Figure 5. Anti-leukemia efficacy of dual JAK2 and mTOR inhibition in vivo in the P2RY8-CRLF2/JAK2 mutation PDX

(A) Treatment schema for in vivo experiment with PDX 8 (P2RY8-CRLF2/JAK2 T875N) and PDX 13 (R2RY8-CRLF2/JAK2 R683S). Mice were treated with vehicle, ruxolitinib (Ruxo, 2gm/mouse/day) BBT594 (BBT; 100mg/kg/d), AZD2014 (AZD; 30 mg/kg/d), or the combinations when higher than 30% leukemia cells engraftment was detected in peripheral blood (PB) for a total of 7 days (3 days on, 2 days off, 4 days on). 4 h after the last dosing was completed, mice were sacrificed for tumor burden assessment. Human leukemia cell percentages in the peripheral blood, bone marrow (BM), and spleen were measured by quantitative flow cytometry. Tumor burden was represented by spleen weight and morphology (B, F, C and G) and fraction of engraftment (D, H). Heat map data depict the changes in phosphoprotein levels by fluorescence median intensity (E, I).
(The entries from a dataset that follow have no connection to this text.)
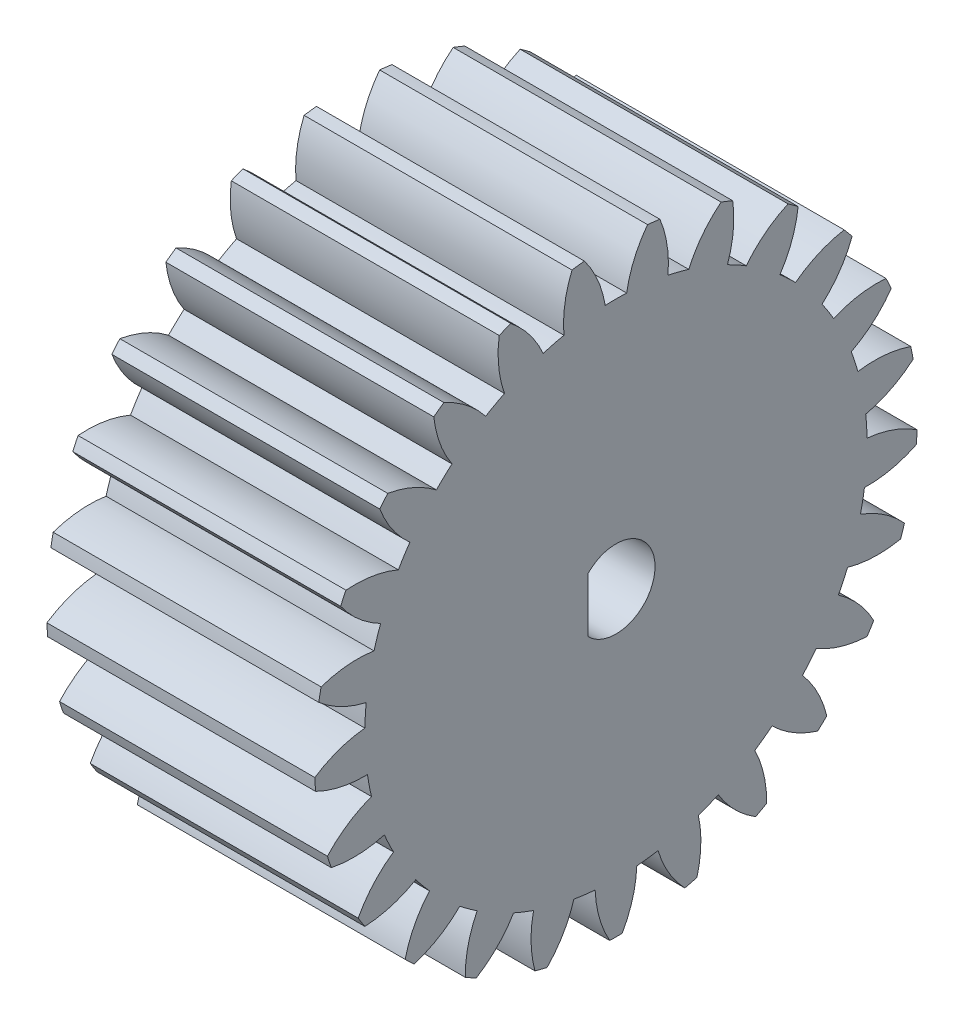
from build123d import *

# Parameters (mm, degrees)
BASPROSKE_W         = 12
BASPROSKE_H         = 13.5
TOOTHCUT_DEPTH      = 23.549944568
TEETHCUTS_COUNT     = 25
TEETHCUTS_ANGLE     = 345.6
BORSKE_R            = 1.5
BORE_DEPTH          = 50.0000508
CUT_EXTRUDE1_DEPTH  = 23.542777009
BOSS_EXTRUDE2_DEPTH = 12


with BuildPart() as part:
    # BasProSke → Base-Revolve (revolve)
    with BuildSketch(Plane(origin=(0, 0, 0), x_dir=(1, 0, 0), z_dir=(0, 1, 0)), mode=Mode.PRIVATE) as base_revolve_sk:
        with Locations((6, 6.75)):
            Rectangle(BASPROSKE_W, BASPROSKE_H)
    revolve(base_revolve_sk.sketch.rotate(Axis((-10, 0, 0), (1, 0, 0)), 180), axis=Axis((-10, 0, 0), (1, 0, 0)))

    # TooCutSke → ToothCut (cut, through all)
    with BuildSketch(Plane(origin=(0, 0, 0), x_dir=(0, 0, -1), z_dir=(1, 0, 0))):
        with BuildLine():
            ThreePointArc((0.480087995, 11.238750665), (0, 11.249), (-0.480087995, 11.238750665))
            ThreePointArc((-0.480087995, 11.238750665), (-0.821124963, 12.40220054), (-1.432168974, 13.449361962))
            ThreePointArc((-1.432168974, 13.449361962), (0, 13.5254), (1.432168974, 13.449361962))
            ThreePointArc((1.432168974, 13.449361962), (0.821124963, 12.40220054), (0.480087995, 11.238750665))
        make_face()
    toothcut = extrude(amount=TOOTHCUT_DEPTH, mode=Mode.SUBTRACT)

    # TeethCuts: ToothCut ×25 about axis
    teethcuts_axis = Axis((-10, 0, 0), (1, 0, 0))
    for i in range(1, TEETHCUTS_COUNT):
        add(toothcut.rotate(teethcuts_axis, i * TEETHCUTS_ANGLE / (TEETHCUTS_COUNT - 1)), mode=Mode.SUBTRACT)

    # BorSke → Bore (cut, symmetric)
    with BuildSketch(Plane(origin=(0, 0, 0), x_dir=(0, 0, -1), z_dir=(1, 0, 0))):
        with Locations(Location((0, 0, 0), (0, 0, 180))):
            Circle(BORSKE_R)
    extrude(amount=BORE_DEPTH, both=True, mode=Mode.SUBTRACT)

    # Sketch1 → Cut-Extrude1 (cut, through all)
    with BuildSketch(Plane(origin=(12, 0, 0), x_dir=(0, 0, -1), z_dir=(1, 0, 0))):
        with BuildLine():
            Line((-1.25, 1.224744871), (-1.25, -1.224744871))
            ThreePointArc((-1.25, -1.224744871), (1.75, 0), (-1.25, 1.224744871))
        make_face()
    extrude(amount=-CUT_EXTRUDE1_DEPTH, mode=Mode.SUBTRACT)

    # Sketch1<4> → Boss-Extrude2 (add, through all)
    with BuildSketch(Plane(origin=(12, 0, 0), x_dir=(0, 0, -1), z_dir=(1, 0, 0))):
        with BuildLine():
            Line((-1.25, -0.829156198), (-1.25, 0.829156198))
            ThreePointArc((-1.25, 0.829156198), (-1.5, 0), (-1.25, -0.829156198))
        make_face()
    extrude(amount=-BOSS_EXTRUDE2_DEPTH)


solid = part.part
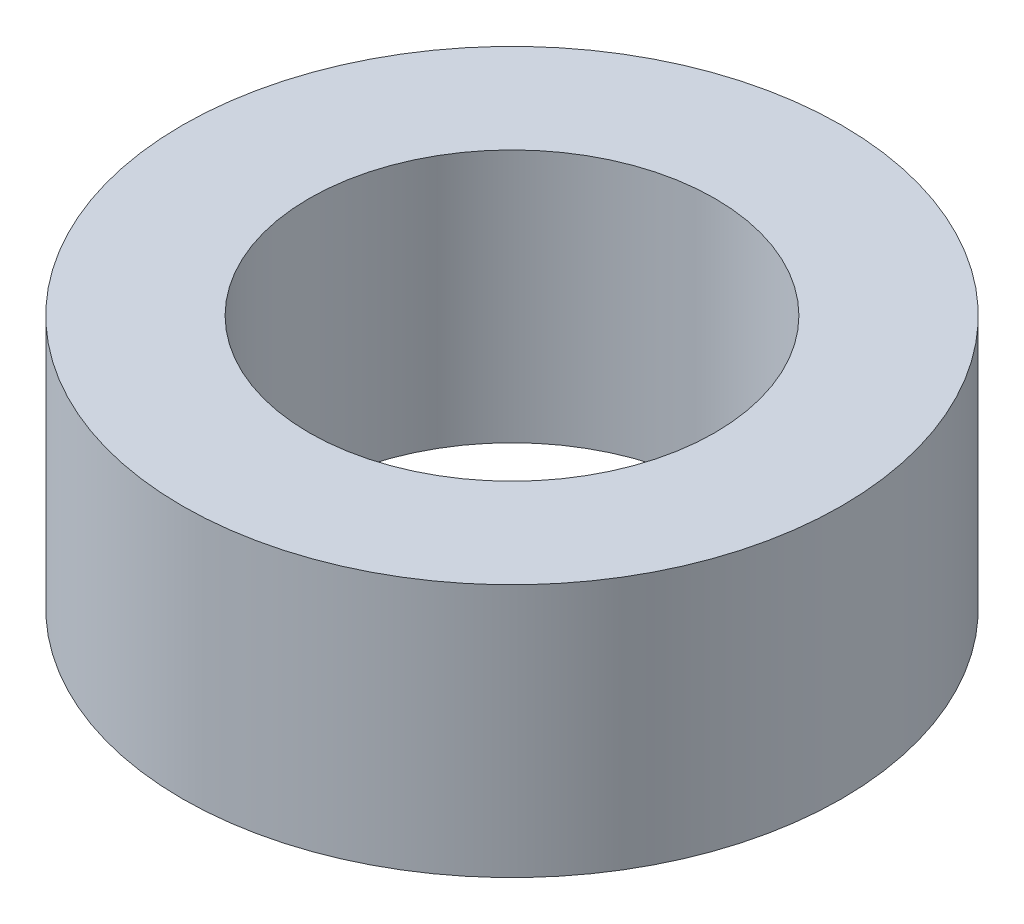
from build123d import *

# Parameters (mm, degrees)
SKETCH1_R           = 6.5
SKETCH1_R_2         = 4
BOSS_EXTRUDE1_DEPTH = 5


with BuildPart() as part:
    # Sketch1 → Boss-Extrude1 (new body)
    with BuildSketch(Plane(origin=(0, 0, 0), x_dir=(1, 0, 0), z_dir=(0, 1, 0))):
        with Locations(Location((0, 0, 0), (0, 0, 270))):
            Circle(SKETCH1_R)
        with Locations(Location((0, 0, 0), (0, 0, 270))):
            Circle(SKETCH1_R_2, mode=Mode.SUBTRACT)
    extrude(amount=BOSS_EXTRUDE1_DEPTH)


solid = part.part
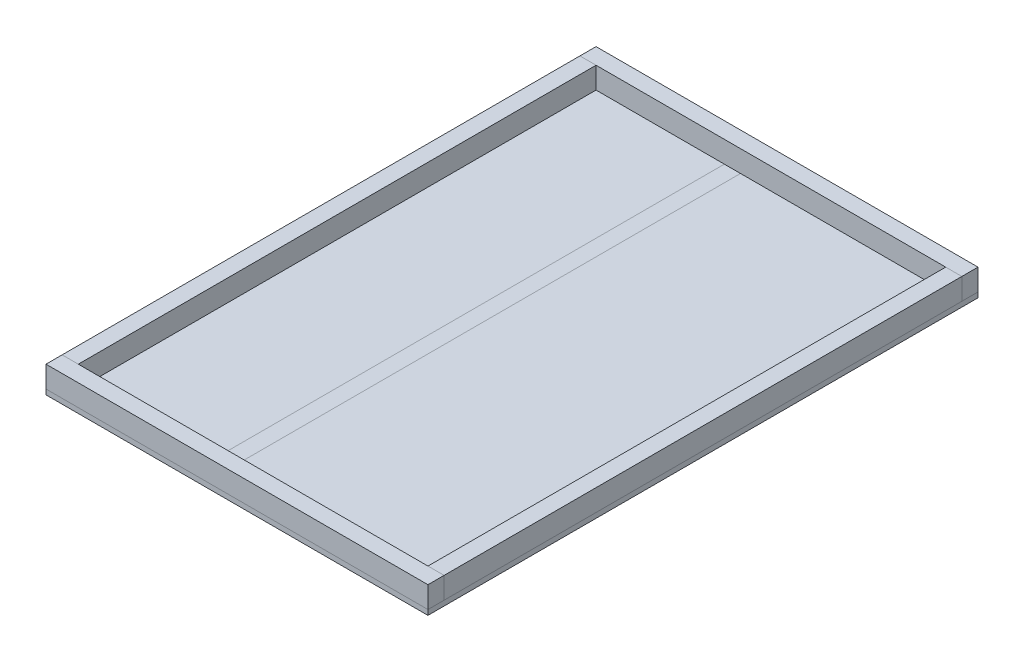
from build123d import *

# Parameters (mm, degrees)
SKETCH1_W             = 450.8
SKETCH1_H             = 649.2
BOSS_EXTRUDE1_DEPTH   = 6
SKETCH1_3_W           = 19.05
SKETCH1_3_H           = 611.1
BOSS_EXTRUDE2_DEPTH   = 25.4
BOSS_EXTRUDE2_2_DEPTH = 25.4
SKETCH1_4_W           = 450.8
SKETCH1_4_H           = 19.05
BOSS_EXTRUDE3_DEPTH   = 25.4
BOSS_EXTRUDE3_2_DEPTH = 25.4
SKETCH4_W             = 50.8
SKETCH4_H             = 611.1
BOSS_EXTRUDE5_DEPTH   = 19.05
SKETCH2_W             = 19.05
SKETCH2_H             = 611.1
CUT_EXTRUDE1_DEPTH    = 9.525
SKETCH2_2_W           = 19.05
SKETCH2_2_H           = 611.1
BOSS_EXTRUDE4_DEPTH   = 9.525


with BuildPart() as part:
    # Sketch1 → Boss-Extrude1 (new body)
    with BuildSketch(Plane(origin=(0, 0, 0), x_dir=(1, 0, 0), z_dir=(0, 1, 0))):
        Rectangle(SKETCH1_W, SKETCH1_H)
    extrude(amount=-BOSS_EXTRUDE1_DEPTH)

    # Sketch4 → Boss-Extrude5 (add)
    with BuildSketch(Plane.XZ.offset(6)):
        with Locations((-45.4, 0)):
            Rectangle(SKETCH4_W, SKETCH4_H)
    extrude(amount=BOSS_EXTRUDE5_DEPTH)

    # Sketch2 → Cut-Extrude1 (cut)
    with BuildSketch(Plane(origin=(0, 0, 0), x_dir=(1, 0, 0), z_dir=(0, 1, 0))):
        with Locations((-45.4, 0)):
            Rectangle(SKETCH2_W, SKETCH2_H)
    extrude(amount=-CUT_EXTRUDE1_DEPTH, mode=Mode.SUBTRACT)


with BuildPart() as body_2:
    # Sketch1<3> → Boss-Extrude2 (new body)
    with BuildSketch(Plane(origin=(0, 0, 0), x_dir=(1, 0, 0), z_dir=(0, 1, 0))):
        with Locations((215.875, 0)):
            Rectangle(SKETCH1_3_W, SKETCH1_3_H)
    extrude(amount=BOSS_EXTRUDE2_DEPTH)


with BuildPart() as body_3:
    # Sketch1<3> → Boss-Extrude2 2 (new body)
    with BuildSketch(Plane(origin=(0, 0, 0), x_dir=(1, 0, 0), z_dir=(0, 1, 0))):
        with Locations((-215.875, 0)):
            Rectangle(SKETCH1_3_W, SKETCH1_3_H)
    extrude(amount=BOSS_EXTRUDE2_2_DEPTH)


with BuildPart() as body_4:
    # Sketch1<4> → Boss-Extrude3 (new body)
    with BuildSketch(Plane(origin=(0, 0, 0), x_dir=(1, 0, 0), z_dir=(0, 1, 0))):
        with Locations((0, 315.075)):
            Rectangle(SKETCH1_4_W, SKETCH1_4_H)
    extrude(amount=BOSS_EXTRUDE3_DEPTH)


with BuildPart() as body_5:
    # Sketch1<4> → Boss-Extrude3 2 (new body)
    with BuildSketch(Plane(origin=(0, 0, 0), x_dir=(1, 0, 0), z_dir=(0, 1, 0))):
        with Locations((0, -315.075)):
            Rectangle(SKETCH1_4_W, SKETCH1_4_H)
    extrude(amount=BOSS_EXTRUDE3_2_DEPTH)


with BuildPart() as body_6:
    # Sketch2<2> → Boss-Extrude4 (new body)
    with BuildSketch(Plane(origin=(0, 0, 0), x_dir=(1, 0, 0), z_dir=(0, 1, 0))):
        with Locations((-45.4, 0)):
            Rectangle(SKETCH2_2_W, SKETCH2_2_H)
    extrude(amount=-BOSS_EXTRUDE4_DEPTH)


solid = Compound([part.part, body_2.part, body_3.part, body_4.part, body_5.part, body_6.part])
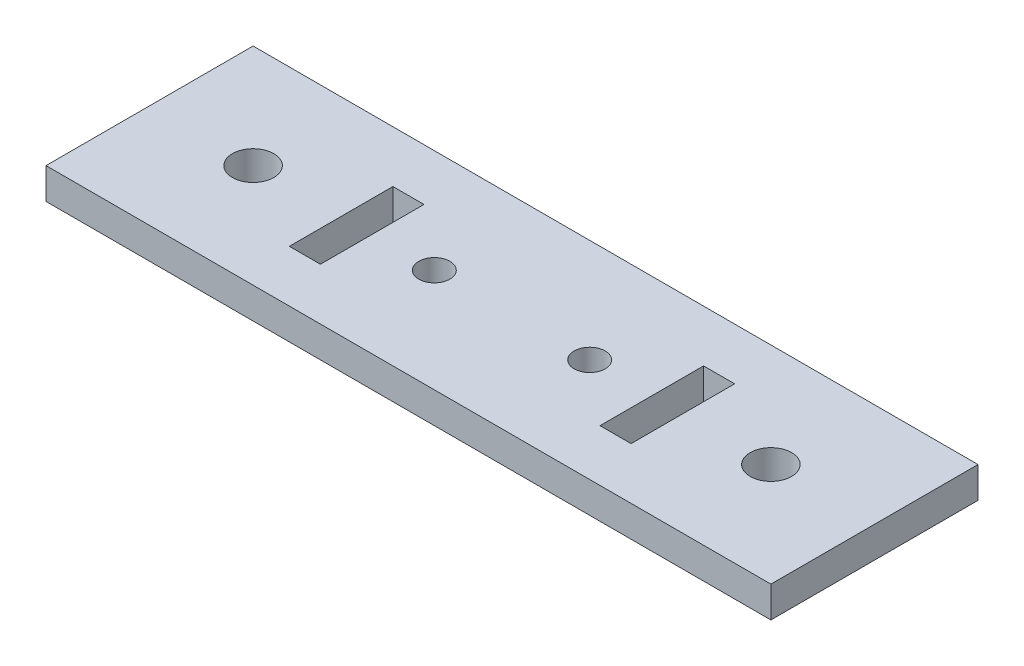
from build123d import *

# Parameters (mm, degrees)
SKETCH1_W           = 70
SKETCH1_H           = 20
SKETCH1_R           = 2
SKETCH1_R_2         = 1.5
SKETCH1_W_2         = 3
SKETCH1_H_2         = 10
BOSS_EXTRUDE1_DEPTH = 3


with BuildPart() as part:
    # Sketch1 → Boss-Extrude1 (new body)
    with BuildSketch(Plane(origin=(0, 0, 0), x_dir=(1, 0, 0), z_dir=(0, 1, 0))):
        with Locations((35, 10)):
            Rectangle(SKETCH1_W, SKETCH1_H)
        with Locations(Location((10, 10, 0), (0, 0, 270))):
            Circle(SKETCH1_R, mode=Mode.SUBTRACT)
        with Locations(Location((27.5, 10, 0), (0, 0, 270))):
            Circle(SKETCH1_R_2, mode=Mode.SUBTRACT)
        with Locations(Location((60, 10, 0), (0, 0, 90))):
            Circle(SKETCH1_R, mode=Mode.SUBTRACT)
        with Locations(Location((42.5, 10, 0), (0, 0, 90))):
            Circle(SKETCH1_R_2, mode=Mode.SUBTRACT)
        with Locations((20, 10)):
            Rectangle(SKETCH1_W_2, SKETCH1_H_2, mode=Mode.SUBTRACT)
        with Locations((50, 10)):
            Rectangle(SKETCH1_W_2, SKETCH1_H_2, mode=Mode.SUBTRACT)
    extrude(amount=BOSS_EXTRUDE1_DEPTH)


solid = part.part
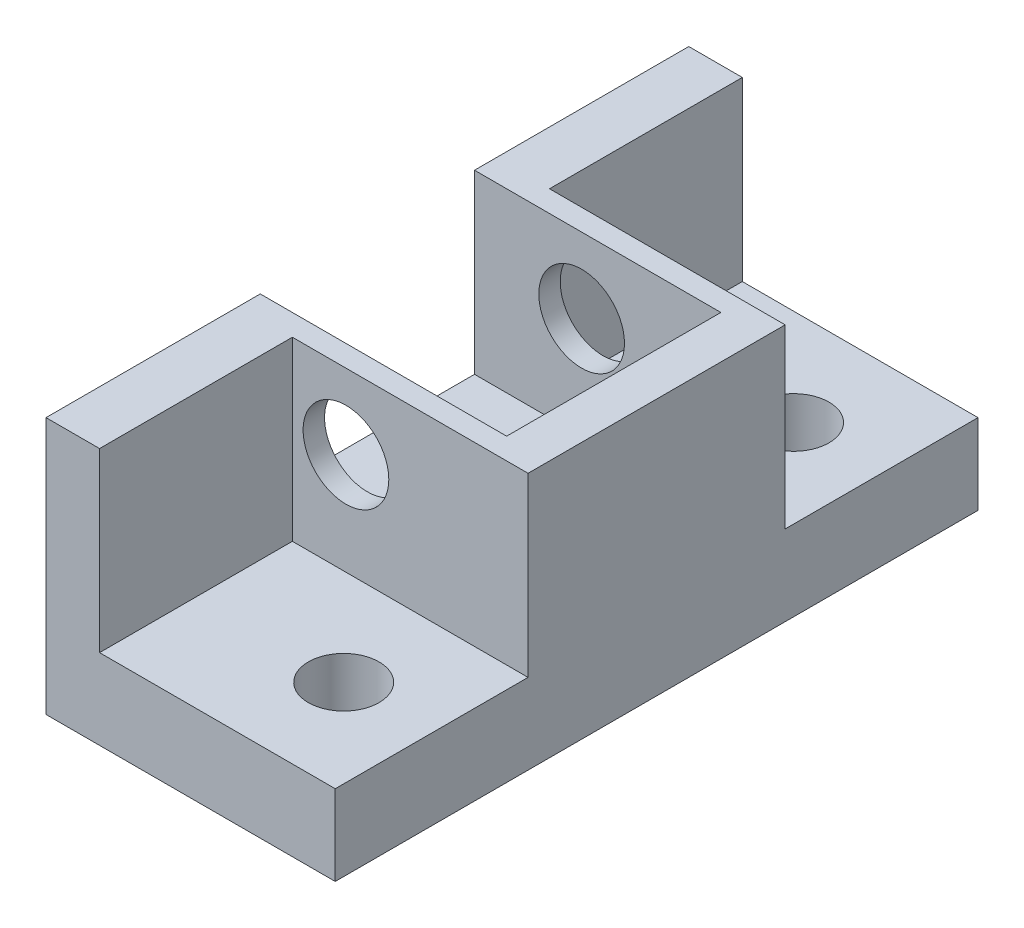
from build123d import *

# Parameters (mm, degrees)
SKETCH2_W           = 27
SKETCH2_H           = 60
BOSS_EXTRUDE1_DEPTH = 7.5
BOSS_EXTRUDE2_DEPTH = 16.5
SKETCH4_R           = 4
CUT_EXTRUDE1_DEPTH  = 51.222007128
SKETCH5_R           = 3.3
CUT_EXTRUDE2_DEPTH  = 37.803532439


with BuildPart() as part:
    # Sketch2 → Boss-Extrude1 (new body)
    with BuildSketch(Plane(origin=(0, 0, 0), x_dir=(1, 0, 0), z_dir=(0, 1, 0))):
        Rectangle(SKETCH2_W, SKETCH2_H)
    extrude(amount=BOSS_EXTRUDE1_DEPTH)

    # Sketch3 → Boss-Extrude2 (add)
    with BuildSketch(Plane(origin=(0, 7.5, 0), x_dir=(1, 0, 0), z_dir=(0, 1, 0))):
        Polygon((-13.5, -30), (-8.5, -30), (-8.5, -12), (13.5, -12), (13.5, 12), (-8.5, 12), (-8.5, 30), (-13.5, 30), (-13.5, 10), (9.5, 10), (9.5, -10), (-13.5, -10), align=None)
    extrude(amount=BOSS_EXTRUDE2_DEPTH)

    # Sketch4 → Cut-Extrude1 (cut, through all)
    with BuildSketch(Plane.XY.offset(12)):
        with Locations((-3.5, 17)):
            Circle(SKETCH4_R)
    extrude(amount=-CUT_EXTRUDE1_DEPTH, mode=Mode.SUBTRACT)

    # Sketch5 → Cut-Extrude2 (cut, through all)
    with BuildSketch(Plane(origin=(0, 7.5, 0), x_dir=(1, 0, 0), z_dir=(0, 1, 0))):
        with Locations(Location((5.287468246, -21, 0), (0, 0, 270))):
            Circle(SKETCH5_R)
        with Locations(Location((5.287468246, 21, 0), (0, 0, 90))):
            Circle(SKETCH5_R)
    extrude(amount=-CUT_EXTRUDE2_DEPTH, mode=Mode.SUBTRACT)


solid = part.part

Figure 6. Anti-leukemia efficacy of dual JAK2 and mTOR inhibition in vivo in the ATF7IP-JAK2 fusion PDX

Mice were injected with PDX 16 (ATF7IP-JAK2) and treated as indicated in Figure 5A. Tumor burden was represented by spleen weight and morphology (A, B), engraftment (C) and signaling (D).